Although the data obtained indicated that, overall, at least 21% of patients with a positive visual interim FDG-PET/CT would not be disease-free in 4 years, the PPV was difficult to interpret because of the relatively small number of positive studies (n=24) as well as the dilemma concerning outcome interpretation following therapy modification based on the results of interim scintigraphy. An additional calculation was, therefore, performed, excluding the eight patients who had dose intensification and no evidence of disease progression. This analysis eliminated the possibility that intensification of therapy was the cause of the low PPV. The PPV increased from 21% to 31% and the specificity from 78% to 86% (Table 3).

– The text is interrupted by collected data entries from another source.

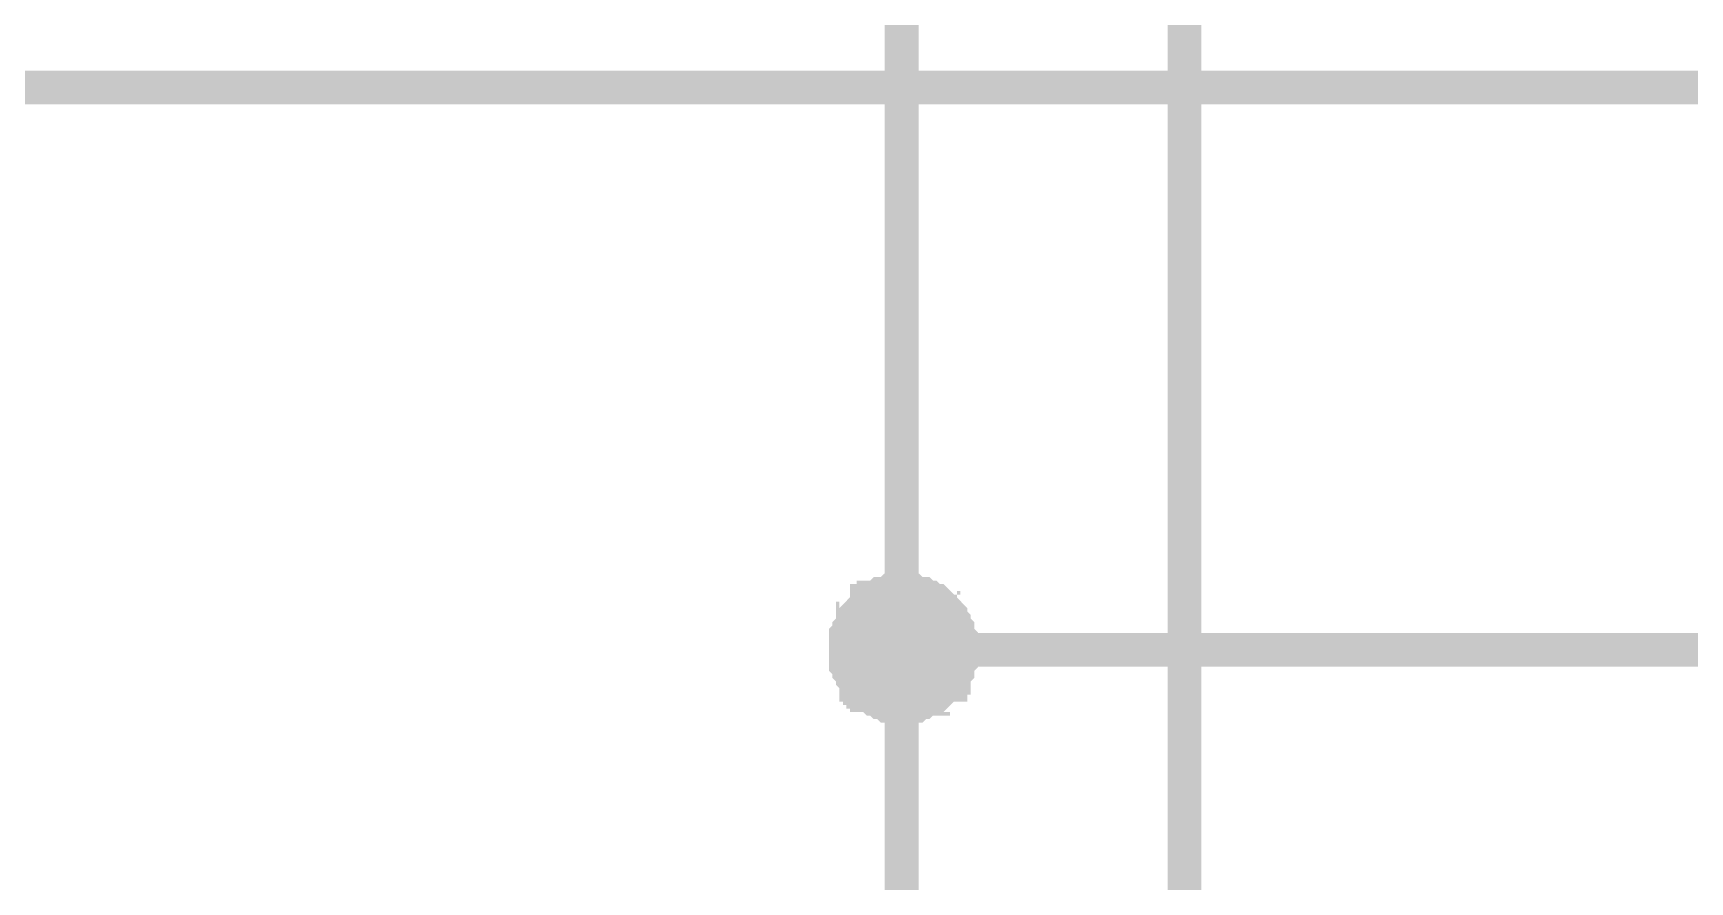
# Paper-space layout 'Layout1' of a CAD drawing. Extents: x -1 to 840, y -1 to 593.
# Drawn here: x 690.46 to 705.19, y 263.92 to 271.47 of the extents above; entities that cross this region are included whole.
import ezdxf

# ---------------------------------------------------------------- set-up
doc = ezdxf.new("R2010")
doc.units = 0
doc.header["$MEASUREMENT"] = 0
doc.layers.add('Sheet', color=255, linetype='CONTINUOUS')

psp = doc.layouts.get("Layout1")

# ---------------------------------------------------------------- linework, layer by layer
at = {"layer": 'Sheet', "color": 7}
for points, const_width in [([(698.183, 265.983), (698.183, 280.988)], 0.3), ([(700.698, 275.986), (700.698, 260.981), (703.183, 260.981)], 0.3), ([(703.183, 270.985), (673.182, 270.985), (673.182, 218.481), (620.729, 218.481), (620.729, 240.974), (625.698, 240.974)], 0.3), ([(705.698, 270.985), (703.183, 270.985)], 0.3), ([(697.686, 265.983), (697.686, 266.014), (697.686, 266.045), (697.686, 266.045), (697.686, 266.076), (697.686, 266.107), (697.717, 266.138), (697.717, 266.169), (697.717, 266.169), (697.748, 266.2), (697.748, 266.231), (697.748, 266.262), (697.779, 266.262), (697.779, 266.293), (697.81, 266.325), (697.81, 266.325), (697.841, 266.356), (697.841, 266.356), (697.872, 266.387), (697.872, 266.418), (697.903, 266.418), (697.934, 266.418), (697.934, 266.449), (697.965, 266.449), (697.996, 266.48), (697.996, 266.48), (698.027, 266.48), (698.058, 266.48), (698.089, 266.511), (698.12, 266.511), (698.12, 266.511), (698.151, 266.511), (698.183, 266.511)], 0.3), ([(697.686, 265.983), (697.686, 266.014), (697.686, 266.045), (697.686, 266.045), (697.686, 266.076), (697.686, 266.107), (697.717, 266.138), (697.717, 266.169), (697.717, 266.169), (697.748, 266.2), (697.748, 266.231), (697.748, 266.262), (697.779, 266.262), (697.779, 266.293), (697.81, 266.325), (697.81, 266.325), (697.841, 266.356), (697.841, 266.356), (697.872, 266.387), (697.872, 266.418), (697.903, 266.418), (697.934, 266.418), (697.934, 266.449), (697.965, 266.449), (697.996, 266.48), (697.996, 266.48), (698.027, 266.48), (698.058, 266.48), (698.089, 266.511), (698.12, 266.511), (698.12, 266.511), (698.151, 266.511), (698.183, 266.511)], 0.3), ([(697.686, 265.983), (697.686, 266.014), (697.686, 266.045), (697.686, 266.045), (697.686, 266.076), (697.686, 266.107), (697.717, 266.138), (697.717, 266.169), (697.717, 266.169), (697.748, 266.2), (697.748, 266.231), (697.748, 266.262), (697.779, 266.262), (697.779, 266.293), (697.81, 266.325), (697.81, 266.325), (697.841, 266.356), (697.841, 266.356), (697.872, 266.387), (697.872, 266.418), (697.903, 266.418), (697.934, 266.418), (697.934, 266.449), (697.965, 266.449), (697.996, 266.48), (697.996, 266.48), (698.027, 266.48), (698.058, 266.48), (698.089, 266.511), (698.12, 266.511), (698.12, 266.511), (698.151, 266.511), (698.183, 266.511)], 0.3), ([(697.686, 265.983), (697.686, 266.014), (697.686, 266.045), (697.686, 266.045), (697.686, 266.076), (697.686, 266.107), (697.717, 266.138), (697.717, 266.169), (697.717, 266.169), (697.748, 266.2), (697.748, 266.231), (697.748, 266.262), (697.779, 266.262), (697.779, 266.293), (697.81, 266.325), (697.81, 266.325), (697.841, 266.356), (697.841, 266.356), (697.872, 266.387), (697.872, 266.418), (697.903, 266.418), (697.934, 266.418), (697.934, 266.449), (697.965, 266.449), (697.996, 266.48), (697.996, 266.48), (698.027, 266.48), (698.058, 266.48), (698.089, 266.511), (698.12, 266.511), (698.12, 266.511), (698.151, 266.511), (698.183, 266.511)], 0.3), ([(698.183, 266.511), (698.183, 266.511)], 0.3), ([(698.183, 266.511), (698.214, 266.511), (698.245, 266.511), (698.245, 266.511), (698.276, 266.511), (698.307, 266.48), (698.338, 266.48), (698.369, 266.48), (698.369, 266.48), (698.4, 266.449), (698.431, 266.449), (698.462, 266.418), (698.462, 266.418), (698.493, 266.418), (698.524, 266.387), (698.524, 266.356), (698.555, 266.356), (698.555, 266.325), (698.586, 266.325), (698.617, 266.293), (698.617, 266.262), (698.617, 266.262), (698.648, 266.231), (698.648, 266.2), (698.679, 266.169), (698.679, 266.169), (698.679, 266.138), (698.679, 266.107), (698.711, 266.076), (698.711, 266.045), (698.711, 266.045), (698.711, 266.014), (698.711, 265.983)], 0.3), ([(698.183, 266.511), (698.183, 266.511)], 0.3), ([(698.183, 266.511), (698.214, 266.511), (698.245, 266.511), (698.245, 266.511), (698.276, 266.511), (698.307, 266.48), (698.338, 266.48), (698.369, 266.48), (698.369, 266.48), (698.4, 266.449), (698.431, 266.449), (698.462, 266.418), (698.462, 266.418), (698.493, 266.418), (698.524, 266.387), (698.524, 266.356), (698.555, 266.356), (698.555, 266.325), (698.586, 266.325), (698.617, 266.293), (698.617, 266.262), (698.617, 266.262), (698.648, 266.231), (698.648, 266.2), (698.679, 266.169), (698.679, 266.169), (698.679, 266.138), (698.679, 266.107), (698.711, 266.076), (698.711, 266.045), (698.711, 266.045), (698.711, 266.014), (698.711, 265.983)], 0.3), ([(698.183, 266.511), (698.183, 266.511)], 0.3), ([(698.183, 266.511), (698.214, 266.511), (698.245, 266.511), (698.245, 266.511), (698.276, 266.511), (698.307, 266.48), (698.338, 266.48), (698.369, 266.48), (698.369, 266.48), (698.4, 266.449), (698.431, 266.449), (698.462, 266.418), (698.462, 266.418), (698.493, 266.418), (698.524, 266.387), (698.524, 266.356), (698.555, 266.356), (698.555, 266.325), (698.586, 266.325), (698.617, 266.293), (698.617, 266.262), (698.617, 266.262), (698.648, 266.231), (698.648, 266.2), (698.679, 266.169), (698.679, 266.169), (698.679, 266.138), (698.679, 266.107), (698.711, 266.076), (698.711, 266.045), (698.711, 266.045), (698.711, 266.014), (698.711, 265.983)], 0.3), ([(698.183, 266.511), (698.183, 266.511)], 0.3), ([(698.183, 266.511), (698.214, 266.511), (698.245, 266.511), (698.245, 266.511), (698.276, 266.511), (698.307, 266.48), (698.338, 266.48), (698.369, 266.48), (698.369, 266.48), (698.4, 266.449), (698.431, 266.449), (698.462, 266.418), (698.462, 266.418), (698.493, 266.418), (698.524, 266.387), (698.524, 266.356), (698.555, 266.356), (698.555, 266.325), (698.586, 266.325), (698.617, 266.293), (698.617, 266.262), (698.617, 266.262), (698.648, 266.231), (698.648, 266.2), (698.679, 266.169), (698.679, 266.169), (698.679, 266.138), (698.679, 266.107), (698.711, 266.076), (698.711, 266.045), (698.711, 266.045), (698.711, 266.014), (698.711, 265.983)], 0.3), ([(697.686, 265.983), (697.686, 266.014), (697.686, 266.045), (697.686, 266.045), (697.686, 266.076), (697.686, 266.107), (697.717, 266.138), (697.717, 266.169), (697.717, 266.169), (697.748, 266.2), (697.748, 266.231), (697.748, 266.262), (697.779, 266.262), (697.779, 266.293), (697.81, 266.325), (697.81, 266.325), (697.841, 266.356), (697.841, 266.356), (697.872, 266.387), (697.872, 266.418), (697.903, 266.418), (697.934, 266.418), (697.934, 266.449), (697.965, 266.449), (697.996, 266.48), (697.996, 266.48), (698.027, 266.48), (698.058, 266.48), (698.089, 266.511), (698.12, 266.511), (698.12, 266.511), (698.151, 266.511), (698.183, 266.511)], 0.0991), ([(697.686, 265.983), (697.686, 266.014), (697.686, 266.045), (697.686, 266.045), (697.686, 266.076), (697.686, 266.107), (697.717, 266.138), (697.717, 266.169), (697.717, 266.169), (697.748, 266.2), (697.748, 266.231), (697.748, 266.262), (697.779, 266.262), (697.779, 266.293), (697.81, 266.325), (697.81, 266.325), (697.841, 266.356), (697.841, 266.356), (697.872, 266.387), (697.872, 266.418), (697.903, 266.418), (697.934, 266.418), (697.934, 266.449), (697.965, 266.449), (697.996, 266.48), (697.996, 266.48), (698.027, 266.48), (698.058, 266.48), (698.089, 266.511), (698.12, 266.511), (698.12, 266.511), (698.151, 266.511), (698.183, 266.511)], 0.0991), ([(697.686, 265.983), (697.686, 266.014), (697.686, 266.045), (697.686, 266.045), (697.686, 266.076), (697.686, 266.107), (697.717, 266.138), (697.717, 266.169), (697.717, 266.169), (697.748, 266.2), (697.748, 266.231), (697.748, 266.262), (697.779, 266.262), (697.779, 266.293), (697.81, 266.325), (697.81, 266.325), (697.841, 266.356), (697.841, 266.356), (697.872, 266.387), (697.872, 266.418), (697.903, 266.418), (697.934, 266.418), (697.934, 266.449), (697.965, 266.449), (697.996, 266.48), (697.996, 266.48), (698.027, 266.48), (698.058, 266.48), (698.089, 266.511), (698.12, 266.511), (698.12, 266.511), (698.151, 266.511), (698.183, 266.511)], 0.0991), ([(697.686, 265.983), (697.686, 266.014), (697.686, 266.045), (697.686, 266.045), (697.686, 266.076), (697.686, 266.107), (697.717, 266.138), (697.717, 266.169), (697.717, 266.169), (697.748, 266.2), (697.748, 266.231), (697.748, 266.262), (697.779, 266.262), (697.779, 266.293), (697.81, 266.325), (697.81, 266.325), (697.841, 266.356), (697.841, 266.356), (697.872, 266.387), (697.872, 266.418), (697.903, 266.418), (697.934, 266.418), (697.934, 266.449), (697.965, 266.449), (697.996, 266.48), (697.996, 266.48), (698.027, 266.48), (698.058, 266.48), (698.089, 266.511), (698.12, 266.511), (698.12, 266.511), (698.151, 266.511), (698.183, 266.511)], 0.0991), ([(698.183, 266.511), (698.183, 266.511)], 0.0991), ([(698.183, 266.511), (698.214, 266.511), (698.245, 266.511), (698.245, 266.511), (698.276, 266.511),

Retrospective dynamic visual review of FDG-PET/CT results
Using the 5-point dynamic visual score detailed above for interpretation of interim FDG-PET/CT results and defining score 2 as the cut-off point between positive and negative studies, the number of positive interim studies markedly decreased from 24 to 6, as presented in Figure 3 and Table 3. There were six patients with positive FDG-PET/CT studies, of whom four had a score of 3 and two had a score of 4, and 90 patients with negative interim PET/CT studies, including 72 with a score of 0, 13 with a score of 1 and 5 with a score of 2. Three of six patients with a positive interim FDG-PET/CT (two with a score of 3 and one with a score of 4) had disease progression, in spite of therapy escalation. Six patients with a negative interim FDG-PET/CT had treatment failure (7%), including 4 of 72 with score 0 (5.5%), 2 of 13 with score 1 (15%) and none of 5 patients with score 2. Eighty-four patients were in prolonged complete remission. The study results were then re-analyzed to retrospectively define the cut-off score which provided the highest accuracy and predictive values for detecting treatment failure by interim FDG-PET/CT (Table 4). According to this analysis FDG-PET/CT studies with scores 0, 1 or 2 were considered as negative and those with scores 3 or 4 as positive.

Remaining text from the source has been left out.